张大飞逃入关内,进入中山中学而与齐家相识,齐家待他如亲子侄。
七七事变他加入空军,胜利前夕在河南一场空战中殉国。
那时他年仅26岁。
而距离抗战胜利只差三个月!
张大飞的故事悲惨壮烈,他对少年齐邦媛的呵护成为两人最深刻的默契,当他宿命式地迎向死亡,他为生者留下永远的遗憾。
他给邦媛大哥的绝笔信:
“你收到此信时,我已经死了,八年前和我一起考上航校的七个人都走了。
三天前,最后的好友晚上没有回航,
我知道下一个就轮到我了。
……也请你原谅我对邦媛的感情,既拿不起也未早日放下……那天看到她从南开的操场走来,我竟然在惊讶中脱口而出心意,我怎么会终于说出心意呢?
这些年中,我一直告诉自己,只能是兄妹之情,
否则,我死了会害她,我活着也是害她。”
……以我这必死之身,怎能对她说‘我爱你’呢?
……请你委婉劝邦媛忘了我吧,我生前死后只盼望她一生幸福。”
如果这是小说故事,那么不过博人眼泪而已,但这是离我们并不久远的时代,在重庆,在四川,在云南,在河南发生的事情。
在我印象中,只有高尔泰写给女儿的《没有地址的信》和格罗斯曼借维克托之口写给母亲的信,能让人同样失魂落魄,他们可以此悔恨并做悼念,《巨流河》的作者却已没有机会回信。

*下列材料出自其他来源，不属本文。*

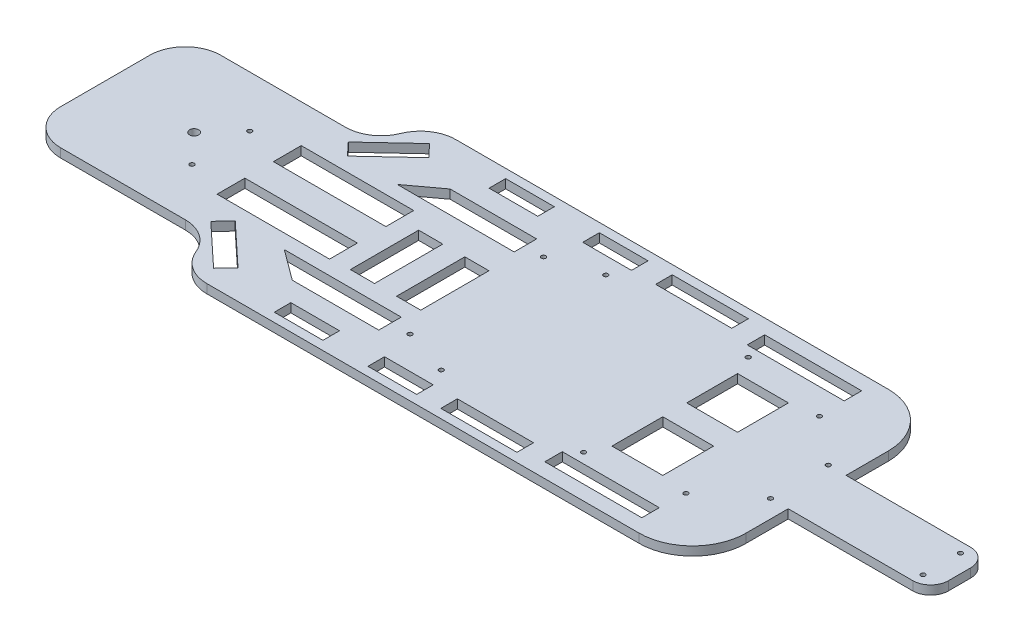
from build123d import *

# Parameters (mm, degrees)
SKETCH1_W                       = 27.36074774
SKETCH1_H                       = 9.31011233
SKETCH1_W_2                     = 63.184924932
SKETCH1_H_2                     = 15.628780018
SKETCH1_W_3                     = 28.563258108
SKETCH1_H_3                     = 28.563258107
SKETCH1_W_4                     = 54.490786644
SKETCH1_H_4                     = 9.808341596
BOSS_EXTRUDE2_DEPTH             = 5
M3X0_5_TAPPED_HOLE1_AT_2_COUNT  = 2
M3X0_5_TAPPED_HOLE1_AT_2_PITCH  = 84.353793631
M3X0_5_TAPPED_HOLE1_AT_3_COUNT  = 2
M3X0_5_TAPPED_HOLE1_AT_3_PITCH  = 80.206374435
M3X0_5_TAPPED_HOLE1_AT_4_COUNT  = 2
M3X0_5_TAPPED_HOLE1_AT_4_PITCH  = 116.569149337
M3X0_5_TAPPED_HOLE1_AT_5_COUNT  = 2
M3X0_5_TAPPED_HOLE1_AT_5_PITCH  = 109.605504319
M3X0_5_TAPPED_HOLE1_AT_6_COUNT  = 2
M3X0_5_TAPPED_HOLE1_AT_6_PITCH  = 241.733079083
M3X0_5_TAPPED_HOLE1_AT_7_COUNT  = 2
M3X0_5_TAPPED_HOLE1_AT_7_PITCH  = 165.040957875
M3X0_5_TAPPED_HOLE1_AT_8_COUNT  = 2
M3X0_5_TAPPED_HOLE1_AT_8_PITCH  = 159.0472187
M3X0_5_TAPPED_HOLE1_AT_9_COUNT  = 2
M3X0_5_TAPPED_HOLE1_AT_9_PITCH  = 237.681260353
M3X0_5_TAPPED_HOLE1_AT_10_COUNT = 2
M3X0_5_TAPPED_HOLE1_AT_10_PITCH = 265.601233698
M3X0_5_TAPPED_HOLE1_AT_11_COUNT = 2
M3X0_5_TAPPED_HOLE1_AT_11_PITCH = 262.61952582
M3X0_5_TAPPED_HOLE1_AT_12_COUNT = 2
M3X0_5_TAPPED_HOLE1_AT_12_PITCH = 405.882449116
M3X0_5_TAPPED_HOLE1_AT_13_COUNT = 2
M3X0_5_TAPPED_HOLE1_AT_13_PITCH = 405.040815845
M3X0_5_TAPPED_HOLE1_AT_14_COUNT = 2
M3X0_5_TAPPED_HOLE1_AT_14_PITCH = 21
SKETCH12_W                      = 13.567630433
SKETCH12_H                      = 38.351630467
SKETCH12_W_2                    = 42.773178661
SKETCH12_H_2                    = 9.31011233
CUT_EXTRUDE1_DEPTH              = 5


with BuildPart() as part:
    # Sketch1 → Boss-Extrude2 (new body)
    with BuildSketch(Plane(origin=(0, 0, 0), x_dir=(1, 0, 0), z_dir=(0, 1, 0))):
        with BuildLine():
            Line((0, -25), (0, 25))
            ThreePointArc((0, 25), (5.857864376, 39.142135624), (20, 45))
            Line((20, 45), (90, 45))
            ThreePointArc((90, 45), (101.180339887, 48.416876048), (108.540496218, 57.5))
            ThreePointArc((108.540496218, 57.5), (115.900652548, 66.583123952), (127.080992435, 70))
            Line((127.080992435, 70), (370, 70))
            ThreePointArc((370, 70), (391.213203436, 61.213203436), (400, 40))
            Line((400, 40), (400, 16.25))
            Line((400, 16.25), (470, 16.25))
            ThreePointArc((470, 16.25), (477.071067812, 13.321067812), (480, 6.25))
            Line((480, 6.25), (480, -6.25))
            ThreePointArc((480, -6.25), (477.071067812, -13.321067812), (470, -16.25))
            Line((470, -16.25), (400, -16.25))
            Line((400, -16.25), (400, -40))
            ThreePointArc((400, -40), (391.213203436, -61.213203436), (370, -70))
            Line((370, -70), (127.080992435, -70))
            ThreePointArc((127.080992435, -70), (115.900652548, -66.583123952), (108.540496218, -57.5))
            ThreePointArc((108.540496218, -57.5), (101.180339887, -48.416876048), (90, -45))
            Line((90, -45), (20, -45))
            ThreePointArc((20, -45), (5.857864376, -39.142135624), (0, -25))
        make_face()
        Polygon((97.973907034, 38.618759958), (121.583872386, 60.672024298), (128.212930651, 53.575032509), (104.602965298, 31.521768169), align=None, mode=Mode.SUBTRACT)
        with Locations((173.68037387, 60.344943835)):
            Rectangle(SKETCH1_W, SKETCH1_H, mode=Mode.SUBTRACT)
        with Locations((226.31962613, 60.344943835)):
            Rectangle(SKETCH1_W, SKETCH1_H, mode=Mode.SUBTRACT)
        Polygon((121.583872386, -60.672024298), (128.212930651, -53.575032509), (104.602965298, -31.521768169), (97.973907034, -38.618759958), align=None, mode=Mode.SUBTRACT)
        with Locations((118.108904399, 15.823440219)):
            Rectangle(SKETCH1_W_2, SKETCH1_H_2, mode=Mode.SUBTRACT)
        with Locations((334.281629054, 21.005470916)):
            Rectangle(SKETCH1_W_3, SKETCH1_H_3, mode=Mode.SUBTRACT)
        with Locations((336.01238987, 56.849636781)):
            Rectangle(SKETCH1_W_4, SKETCH1_H_4, mode=Mode.SUBTRACT)
        with Locations((173.68037387, -60.344943835)):
            Rectangle(SKETCH1_W, SKETCH1_H, mode=Mode.SUBTRACT)
        with Locations((226.31962613, -60.344943835)):
            Rectangle(SKETCH1_W, SKETCH1_H, mode=Mode.SUBTRACT)
        with Locations((336.01238987, -56.849636781)):
            Rectangle(SKETCH1_W_4, SKETCH1_H_4, mode=Mode.SUBTRACT)
        with Locations((334.281629054, -21.005470916)):
            Rectangle(SKETCH1_W_3, SKETCH1_H_3, mode=Mode.SUBTRACT)
        with Locations((118.108904399, -15.823440219)):
            Rectangle(SKETCH1_W_2, SKETCH1_H_2, mode=Mode.SUBTRACT)
    extrude(amount=BOSS_EXTRUDE2_DEPTH)

    # Sketch7 → M3x0.5 Tapped Hole1 (revolve, cut)
    with BuildSketch(Plane(origin=(470, 5, 10.5), x_dir=(0, 0, 1), z_dir=(1, 0, 0))):
        Polygon((0, 0), (0, 5), (1.525, 5), (1.25, 4.725), (1.25, 0), align=None)
    m3x0_5_tapped_hole1 = revolve(axis=Axis((470, 11.35, 10.5), (0, -1, 0)), mode=Mode.SUBTRACT)

    # M3x0.5 Tapped Hole1 at 2: M3x0.5 Tapped Hole1 ×2
    with Locations(*[Vector(-0.9483865106248197, 0, -0.3171167394901739) * (i * M3X0_5_TAPPED_HOLE1_AT_2_PITCH) for i in range(1, M3X0_5_TAPPED_HOLE1_AT_2_COUNT)]):
        add(m3x0_5_tapped_hole1, mode=Mode.SUBTRACT)

    # M3x0.5 Tapped Hole1 at 3: M3x0.5 Tapped Hole1 ×2
    with Locations(*[Vector(-0.9974269571912754, 0, 0.07169006254812285) * (i * M3X0_5_TAPPED_HOLE1_AT_3_PITCH) for i in range(1, M3X0_5_TAPPED_HOLE1_AT_3_COUNT)]):
        add(m3x0_5_tapped_hole1, mode=Mode.SUBTRACT)

    # M3x0.5 Tapped Hole1 at 4: M3x0.5 Tapped Hole1 ×2
    with Locations(*[Vector(-0.9112865611968157, 0, -0.4117727569692806) * (i * M3X0_5_TAPPED_HOLE1_AT_4_PITCH) for i in range(1, M3X0_5_TAPPED_HOLE1_AT_4_COUNT)]):
        add(m3x0_5_tapped_hole1, mode=Mode.SUBTRACT)

    # M3x0.5 Tapped Hole1 at 5: M3x0.5 Tapped Hole1 ×2
    with Locations(*[Vector(-0.9691839830527866, 0, 0.24633799340324214) * (i * M3X0_5_TAPPED_HOLE1_AT_5_PITCH) for i in range(1, M3X0_5_TAPPED_HOLE1_AT_5_COUNT)]):
        add(m3x0_5_tapped_hole1, mode=Mode.SUBTRACT)

    # M3x0.5 Tapped Hole1 at 6: M3x0.5 Tapped Hole1 ×2
    with Locations(*[Vector(-0.972052622294702, 0, -0.23476307096729135) * (i * M3X0_5_TAPPED_HOLE1_AT_6_PITCH) for i in range(1, M3X0_5_TAPPED_HOLE1_AT_6_COUNT)]):
        add(m3x0_5_tapped_hole1, mode=Mode.SUBTRACT)

    # M3x0.5 Tapped Hole1 at 7: M3x0.5 Tapped Hole1 ×2
    with Locations(*[Vector(-0.9390231092578303, 0, -0.34385403920814583) * (i * M3X0_5_TAPPED_HOLE1_AT_7_PITCH) for i in range(1, M3X0_5_TAPPED_HOLE1_AT_7_COUNT)]):
        add(m3x0_5_tapped_hole1, mode=Mode.SUBTRACT)

    # M3x0.5 Tapped Hole1 at 8: M3x0.5 Tapped Hole1 ×2
    with Locations(*[Vector(-0.9744104592657841, 0, 0.22477601489804) * (i * M3X0_5_TAPPED_HOLE1_AT_8_PITCH) for i in range(1, M3X0_5_TAPPED_HOLE1_AT_8_COUNT)]):
        add(m3x0_5_tapped_hole1, mode=Mode.SUBTRACT)

    # M3x0.5 Tapped Hole1 at 9: M3x0.5 Tapped Hole1 ×2
    with Locations(*[Vector(-0.98862347443418, 0, 0.15041152149250553) * (i * M3X0_5_TAPPED_HOLE1_AT_9_PITCH) for i in range(1, M3X0_5_TAPPED_HOLE1_AT_9_COUNT)]):
        add(m3x0_5_tapped_hole1, mode=Mode.SUBTRACT)

    # M3x0.5 Tapped Hole1 at 10: M3x0.5 Tapped Hole1 ×2
    with Locations(*[Vector(-0.9835342087984568, 0, -0.18072205212201886) * (i * M3X0_5_TAPPED_HOLE1_AT_10_PITCH) for i in range(1, M3X0_5_TAPPED_HOLE1_AT_10_COUNT)]):
        add(m3x0_5_tapped_hole1, mode=Mode.SUBTRACT)

    # M3x0.5 Tapped Hole1 at 11: M3x0.5 Tapped Hole1 ×2
    with Locations(*[Vector(-0.994700978251516, 0, 0.10281032956603646) * (i * M3X0_5_TAPPED_HOLE1_AT_11_PITCH) for i in range(1, M3X0_5_TAPPED_HOLE1_AT_11_COUNT)]):
        add(m3x0_5_tapped_hole1, mode=Mode.SUBTRACT)

    # M3x0.5 Tapped Hole1 at 12: M3x0.5 Tapped Hole1 ×2
    with Locations(*[Vector(-0.9978258505204469, 0, -0.0659057814849869) * (i * M3X0_5_TAPPED_HOLE1_AT_12_PITCH) for i in range(1, M3X0_5_TAPPED_HOLE1_AT_12_COUNT)]):
        add(m3x0_5_tapped_hole1, mode=Mode.SUBTRACT)

    # M3x0.5 Tapped Hole1 at 13: M3x0.5 Tapped Hole1 ×2
    with Locations(*[Vector(-0.9998992302925277, 0, 0.014196100183171115) * (i * M3X0_5_TAPPED_HOLE1_AT_13_PITCH) for i in range(1, M3X0_5_TAPPED_HOLE1_AT_13_COUNT)]):
        add(m3x0_5_tapped_hole1, mode=Mode.SUBTRACT)

    # M3x0.5 Tapped Hole1 at 14: M3x0.5 Tapped Hole1 ×2
    with Locations(*[(0, 0, -i * M3X0_5_TAPPED_HOLE1_AT_14_PITCH) for i in range(1, M3X0_5_TAPPED_HOLE1_AT_14_COUNT)]):
        add(m3x0_5_tapped_hole1, mode=Mode.SUBTRACT)

    # Sketch9 → 1/4-20 Tapped Hole1 (revolve, cut)
    with BuildSketch(Plane(origin=(50, 5, 0), x_dir=(0, 0, 1), z_dir=(1, 0, 0))):
        Polygon((0, 0), (0, 5), (3.81, 5), (2.5527, 3.7427), (2.5527, 0), align=None)
    revolve(axis=Axis((50, 11.35, 0), (0, -1, 0)), mode=Mode.SUBTRACT)

    # Sketch12 → Cut-Extrude1 (cut)
    with BuildSketch(Plane(origin=(0, 5, 0), x_dir=(1, 0, 0), z_dir=(0, 1, 0))):
        with Locations((167.418815824, -3.696545403)):
            Rectangle(SKETCH12_W, SKETCH12_H)
        with Locations((193.366452745, -3.696545403)):
            Rectangle(SKETCH12_W, SKETCH12_H)
        with Locations((274.966905924, 60.344943835)):
            Rectangle(SKETCH12_W_2, SKETCH12_H_2)
        with Locations((274.966905924, -60.344943835)):
            Rectangle(SKETCH12_W_2, SKETCH12_H_2)
        Polygon((132.36021003, 31.709406718), (149.471247182, 44.35453871), (198.060388772, 44.35453871), (198.060388772, 31.709406718), align=None)
        Polygon((198.060388772, -31.709406718), (132.36021003, -31.709406718), (149.471247182, -44.35453871), (198.060388772, -44.35453871), align=None)
    extrude(amount=-CUT_EXTRUDE1_DEPTH, mode=Mode.SUBTRACT)


solid = part.part

虽已没有机会回信,却仍可记录,成为人生的一部分,便成了烙印般的回应。
▲张大飞戎装照回忆抗战胜利那一夜,齐先生写道:
“我受不了这样的狂欢。在昏天暗地的痛哭之中,我度过了胜利夜。”
七十五岁的齐先生也曾访问南京阵亡将士纪念碑,在千百牺牲者中找到张大飞的名字。
五十五年的谜底揭开,尘归尘,土归土;
历史在这里的启示非关英雄,更无关男女。
“巨流河”的对岸藏着怎样的家国情怀
台湾版《巨流河》腰封上的有段话:“读了这本书,你终于明白,我们为什么需要知识分子。”
或许正如钱穆先生所言:
我们在看惯民族的伤痛和历史的阴霾后,依旧要满怀对历史的温情和期许。
齐先生做到了。
《巨流河》出版之后,齐先生收到数百封来信,其中有几位已90多岁。
他们老泪纵横谈当年事。
那虽是一个令人悲伤的时代,也是一个令人怀念的有骨气时代。
她的学生、著名作家简媜以“一出手,山河震动”来形容此书的份量。
王德威说,这本书“如此悲伤,如此愉悦,如此独特”。
俞敏洪说,自己累了,看看《巨流河》,就能让自己的心平静下来。
卢跃刚形容:
“这是本拿在手里不敢轻易打开,打开了不能轻易合上,合上了心里却时时牵挂,隐隐不能释怀的书。”
记录那个战火纷飞的时代的书很多,但能以独特的家庭背景和人生经历,完整记录这场历史巨变,却极少见。
只有当你真正翻开这本书,方能觉察——
豆瓣评分9.0,不过是对它最微不足道夸奖。